- **TO DO**:
Return all of the entries exactly, but do not include the pictures.

Segment Start: INPUT RECORDS

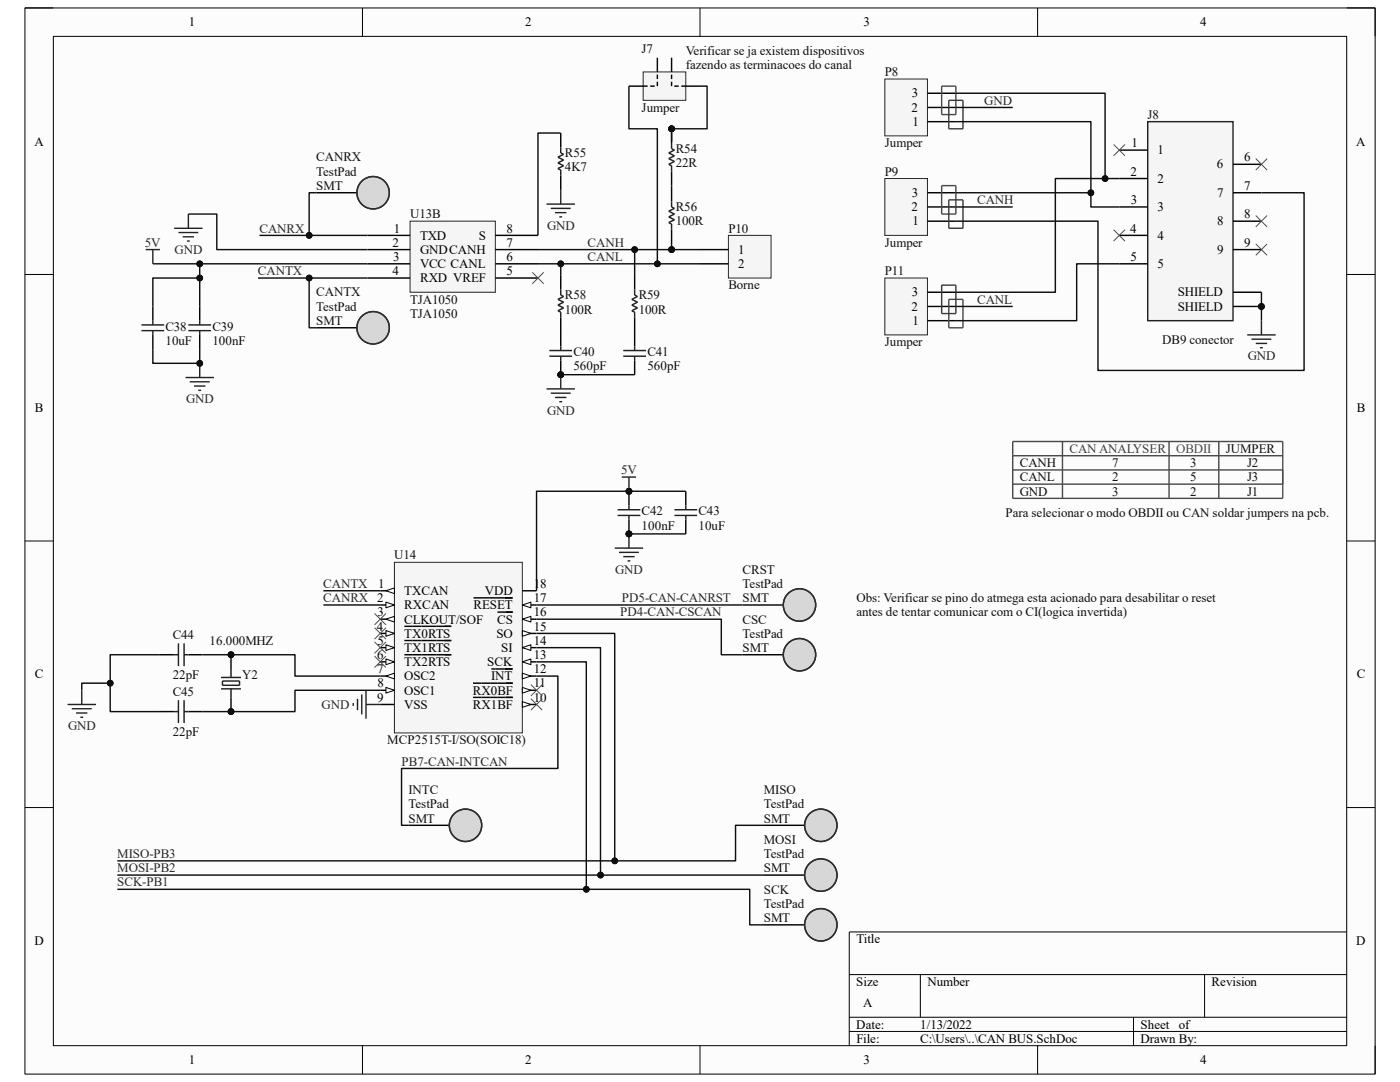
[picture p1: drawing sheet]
<svg xmlns="http://www.w3.org/2000/svg" width="279mm" height="216mm" viewBox="0 0 279 216" stroke-linecap="round" stroke-linejoin="round" font-family="sans-serif">
<path d="M5 1.6h269.4v212.7h-269.4z" fill-rule="evenodd" fill="#fcfcfc"/>
<path d="M5 1.6h269.4v212.7h-269.4z" fill="none" stroke="#000" stroke-width=".2"/>
<path d="M10.6 7.3h258.2v201.4h-258.2z" fill-rule="evenodd" fill="#fcfcfc"/>
<g fill="none" stroke="#000" stroke-width=".2">
<path d="M5 1.6h5.6M10.6 7.3h258.2v201.4h-258.2zM72.3 1.6v5.7M139.7 1.6v5.7M207.1 1.6v5.7M268.8 1.6h5.6v5.7M5 54.8h5.6M268.8 54.8h5.6M5 107.9h5.6M268.8 107.9h5.6M5 161.1h5.6M268.8 161.1h5.6"/>
<path d="M169.5 194.5h99.3M183.7 194.5v8.5M240.4 194.5v8.5M268.8 186h-99.3v22.7M72.3 208.7v5.6M139.7 208.7v5.6M169.5 203h99.3M169.5 205.8h99.3M207.1 208.7v5.6M226.2 203v5.7M274.4 208.7v5.6"/>
</g>
<path d="M78.7 112.2h25.5v34h-25.5z" fill-rule="evenodd" fill="#f5f5f5"/>
<path d="M78.7 112.2h25.5v34h-25.5z" fill="none" stroke="#262626" stroke-width=".2"/>
<path d="M75.9 117.9h2.8" fill="none" stroke="#000" stroke-width=".29"/>
<path d="M77 117.9l1.7-.6v1.1z" fill="#fbfbfb"/>
<path d="M77 117.9l1.7-.6v1.1z" fill="none" stroke="#000" stroke-width=".2"/>
<path d="M75.9 120.7h2.8" fill="none" stroke="#000" stroke-width=".29"/>
<path d="M77 120.1l1.7 .6-1.7 .6z" fill="#fbfbfb"/>
<path d="M77 120.1l1.7 .6-1.7 .6z" fill="none" stroke="#000" stroke-width=".2"/>
<path d="M75.9 123.6h2.8" fill="none" stroke="#000" stroke-width=".29"/>
<path d="M77 123.6l1.7-.6v1.1z" fill="#fbfbfb"/>
<path d="M77 123.6l1.7-.6v1.1z" fill="none" stroke="#000" stroke-width=".2"/>
<path d="M75.9 126.4h2.8" fill="none" stroke="#000" stroke-width=".29"/>
<path d="M77 125.8l1.7 .6-1.7 .6z" fill="#fbfbfb"/>
<path d="M77 125.8l1.7 .6-1.7 .6z" fill="none" stroke="#000" stroke-width=".2"/>
<path d="M75.9 129.2h2.8M80.7 125h9.4" fill="none" stroke="#000" stroke-width=".29"/>
<path d="M77 128.7l1.7 .5-1.7 .6z" fill="#fbfbfb"/>
<path d="M77 128.7l1.7 .5-1.7 .6z" fill="none" stroke="#000" stroke-width=".2"/>
<path d="M75.9 132.1h2.8M80.7 127.8h9.4" fill="none" stroke="#000" stroke-width=".29"/>
<path d="M77 131.5l1.7 .6-1.7 .5z" fill="#fbfbfb"/>
<path d="M77 131.5l1.7 .6-1.7 .5z" fill="none" stroke="#000" stroke-width=".2"/>
<path d="M75.9 134.9h2.8M80.7 130.6h9.4" fill="none" stroke="#000" stroke-width=".29"/>
<path d="M77 134.9l1.7-.6v1.2z" fill="#fbfbfb"/>
<path d="M77 134.9l1.7-.6v1.2z" fill="none" stroke="#000" stroke-width=".2"/>
<path d="M75.9 137.7h2.8" fill="none" stroke="#000" stroke-width=".29"/>
<path d="M77 137.2l1.7 .5-1.7 .6z" fill="#fbfbfb"/>
<path d="M77 137.2l1.7 .5-1.7 .6z" fill="none" stroke="#000" stroke-width=".2"/>
<path d="M104.2 117.9h2.9M104.2 120.7h2.9M75.9 140.6h2.8" fill="none" stroke="#000" stroke-width=".29"/>
<path d="M104.2 120.7l1.7-.6v1.2z" fill="#fbfbfb"/>
<path d="M104.2 120.7l1.7-.6v1.2z" fill="none" stroke="#000" stroke-width=".2"/>
<path d="M94.5 119.3h7.8M104.2 123.6h2.9" fill="none" stroke="#000" stroke-width=".29"/>
<path d="M104.2 123.6l1.7-.6v1.1z" fill="#fbfbfb"/>
<path d="M104.2 123.6l1.7-.6v1.1z" fill="none" stroke="#000" stroke-width=".2"/>
<path d="M99.3 122.1h3.1M104.2 126.4h2.9" fill="none" stroke="#000" stroke-width=".29"/>
<path d="M104.2 125.8l1.7 .6-1.7 .6z" fill="#fbfbfb"/>
<path d="M104.2 125.8l1.7 .6-1.7 .6z" fill="none" stroke="#000" stroke-width=".2"/>
<path d="M104.2 129.2h2.9" fill="none" stroke="#000" stroke-width=".29"/>
<path d="M104.2 129.2l1.7-.5v1.1z" fill="#fbfbfb"/>
<path d="M104.2 129.2l1.7-.5v1.1z" fill="none" stroke="#000" stroke-width=".2"/>
<path d="M104.2 132.1h2.9" fill="none" stroke="#000" stroke-width=".29"/>
<path d="M104.2 132.1l1.7-.6v1.1z" fill="#fbfbfb"/>
<path d="M104.2 132.1l1.7-.6v1.1z" fill="none" stroke="#000" stroke-width=".2"/>
<path d="M104.2 134.9h2.9" fill="none" stroke="#000" stroke-width=".29"/>
<path d="M104.2 134.3l1.7 .6-1.7 .6z" fill="#fbfbfb"/>
<path d="M104.2 134.3l1.7 .6-1.7 .6z" fill="none" stroke="#000" stroke-width=".2"/>
<path d="M98.1 133.5h4.2M104.2 137.7h2.9" fill="none" stroke="#000" stroke-width=".29"/>
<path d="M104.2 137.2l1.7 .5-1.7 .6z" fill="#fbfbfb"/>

Segment End: INPUT RECORDS

- **RESPONSE**:
[picture p1: drawing sheet]
<svg xmlns="http://www.w3.org/2000/svg" width="279mm" height="216mm" viewBox="0 0 279 216" stroke-linecap="round" stroke-linejoin="round" font-family="sans-serif">
<path d="M5 1.6h269.4v212.7h-269.4z" fill-rule="evenodd" fill="#fcfcfc"/>
<path d="M5 1.6h269.4v212.7h-269.4z" fill="none" stroke="#000" stroke-width=".2"/>
<path d="M10.6 7.3h258.2v201.4h-258.2z" fill-rule="evenodd" fill="#fcfcfc"/>
<g fill="none" stroke="#000" stroke-width=".2">
<path d="M5 1.6h5.6M10.6 7.3h258.2v201.4h-258.2zM72.3 1.6v5.7M139.7 1.6v5.7M207.1 1.6v5.7M268.8 1.6h5.6v5.7M5 54.8h5.6M268.8 54.8h5.6M5 107.9h5.6M268.8 107.9h5.6M5 161.1h5.6M268.8 161.1h5.6"/>
<path d="M169.5 194.5h99.3M183.7 194.5v8.5M240.4 194.5v8.5M268.8 186h-99.3v22.7M72.3 208.7v5.6M139.7 208.7v5.6M169.5 203h99.3M169.5 205.8h99.3M207.1 208.7v5.6M226.2 203v5.7M274.4 208.7v5.6"/>
</g>
<path d="M78.7 112.2h25.5v34h-25.5z" fill-rule="evenodd" fill="#f5f5f5"/>
<path d="M78.7 112.2h25.5v34h-25.5z" fill="none" stroke="#262626" stroke-width=".2"/>
<path d="M75.9 117.9h2.8" fill="none" stroke="#000" stroke-width=".29"/>
<path d="M77 117.9l1.7-.6v1.1z" fill="#fbfbfb"/>
<path d="M77 117.9l1.7-.6v1.1z" fill="none" stroke="#000" stroke-width=".2"/>
<path d="M75.9 120.7h2.8" fill="none" stroke="#000" stroke-width=".29"/>
<path d="M77 120.1l1.7 .6-1.7 .6z" fill="#fbfbfb"/>
<path d="M77 120.1l1.7 .6-1.7 .6z" fill="none" stroke="#000" stroke-width=".2"/>
<path d="M75.9 123.6h2.8" fill="none" stroke="#000" stroke-width=".29"/>
<path d="M77 123.6l1.7-.6v1.1z" fill="#fbfbfb"/>
<path d="M77 123.6l1.7-.6v1.1z" fill="none" stroke="#000" stroke-width=".2"/>
<path d="M75.9 126.4h2.8" fill="none" stroke="#000" stroke-width=".29"/>
<path d="M77 125.8l1.7 .6-1.7 .6z" fill="#fbfbfb"/>
<path d="M77 125.8l1.7 .6-1.7 .6z" fill="none" stroke="#000" stroke-width=".2"/>
<path d="M75.9 129.2h2.8M80.7 125h9.4" fill="none" stroke="#000" stroke-width=".29"/>
<path d="M77 128.7l1.7 .5-1.7 .6z" fill="#fbfbfb"/>
<path d="M77 128.7l1.7 .5-1.7 .6z" fill="none" stroke="#000" stroke-width=".2"/>
<path d="M75.9 132.1h2.8M80.7 127.8h9.4" fill="none" stroke="#000" stroke-width=".29"/>
<path d="M77 131.5l1.7 .6-1.7 .5z" fill="#fbfbfb"/>
<path d="M77 131.5l1.7 .6-1.7 .5z" fill="none" stroke="#000" stroke-width=".2"/>
<path d="M75.9 134.9h2.8M80.7 130.6h9.4" fill="none" stroke="#000" stroke-width=".29"/>
<path d="M77 134.9l1.7-.6v1.2z" fill="#fbfbfb"/>
<path d="M77 134.9l1.7-.6v1.2z" fill="none" stroke="#000" stroke-width=".2"/>
<path d="M75.9 137.7h2.8" fill="none" stroke="#000" stroke-width=".29"/>
<path d="M77 137.2l1.7 .5-1.7 .6z" fill="#fbfbfb"/>
<path d="M77 137.2l1.7 .5-1.7 .6z" fill="none" stroke="#000" stroke-width=".2"/>
<path d="M104.2 117.9h2.9M104.2 120.7h2.9M75.9 140.6h2.8" fill="none" stroke="#000" stroke-width=".29"/>
<path d="M104.2 120.7l1.7-.6v1.2z" fill="#fbfbfb"/>
<path d="M104.2 120.7l1.7-.6v1.2z" fill="none" stroke="#000" stroke-width=".2"/>
<path d="M94.5 119.3h7.8M104.2 123.6h2.9" fill="none" stroke="#000" stroke-width=".29"/>
<path d="M104.2 123.6l1.7-.6v1.1z" fill="#fbfbfb"/>
<path d="M104.2 123.6l1.7-.6v1.1z" fill="none" stroke="#000" stroke-width=".2"/>
<path d="M99.3 122.1h3.1M104.2 126.4h2.9" fill="none" stroke="#000" stroke-width=".29"/>
<path d="M104.2 125.8l1.7 .6-1.7 .6z" fill="#fbfbfb"/>
<path d="M104.2 125.8l1.7 .6-1.7 .6z" fill="none" stroke="#000" stroke-width=".2"/>
<path d="M104.2 129.2h2.9" fill="none" stroke="#000" stroke-width=".29"/>
<path d="M104.2 129.2l1.7-.5v1.1z" fill="#fbfbfb"/>
<path d="M104.2 129.2l1.7-.5v1.1z" fill="none" stroke="#000" stroke-width=".2"/>
<path d="M104.2 132.1h2.9" fill="none" stroke="#000" stroke-width=".29"/>
<path d="M104.2 132.1l1.7-.6v1.1z" fill="#fbfbfb"/>
<path d="M104.2 132.1l1.7-.6v1.1z" fill="none" stroke="#000" stroke-width=".2"/>
<path d="M104.2 134.9h2.9" fill="none" stroke="#000" stroke-width=".29"/>
<path d="M104.2 134.3l1.7 .6-1.7 .6z" fill="#fbfbfb"/>
<path d="M104.2 134.3l1.7 .6-1.7 .6z" fill="none" stroke="#000" stroke-width=".2"/>
<path d="M98.1 133.5h4.2M104.2 137.7h2.9" fill="none" stroke="#000" stroke-width=".29"/>
<path d="M104.2 137.2l1.7 .5-1.7 .6z" fill="#fbfbfb"/>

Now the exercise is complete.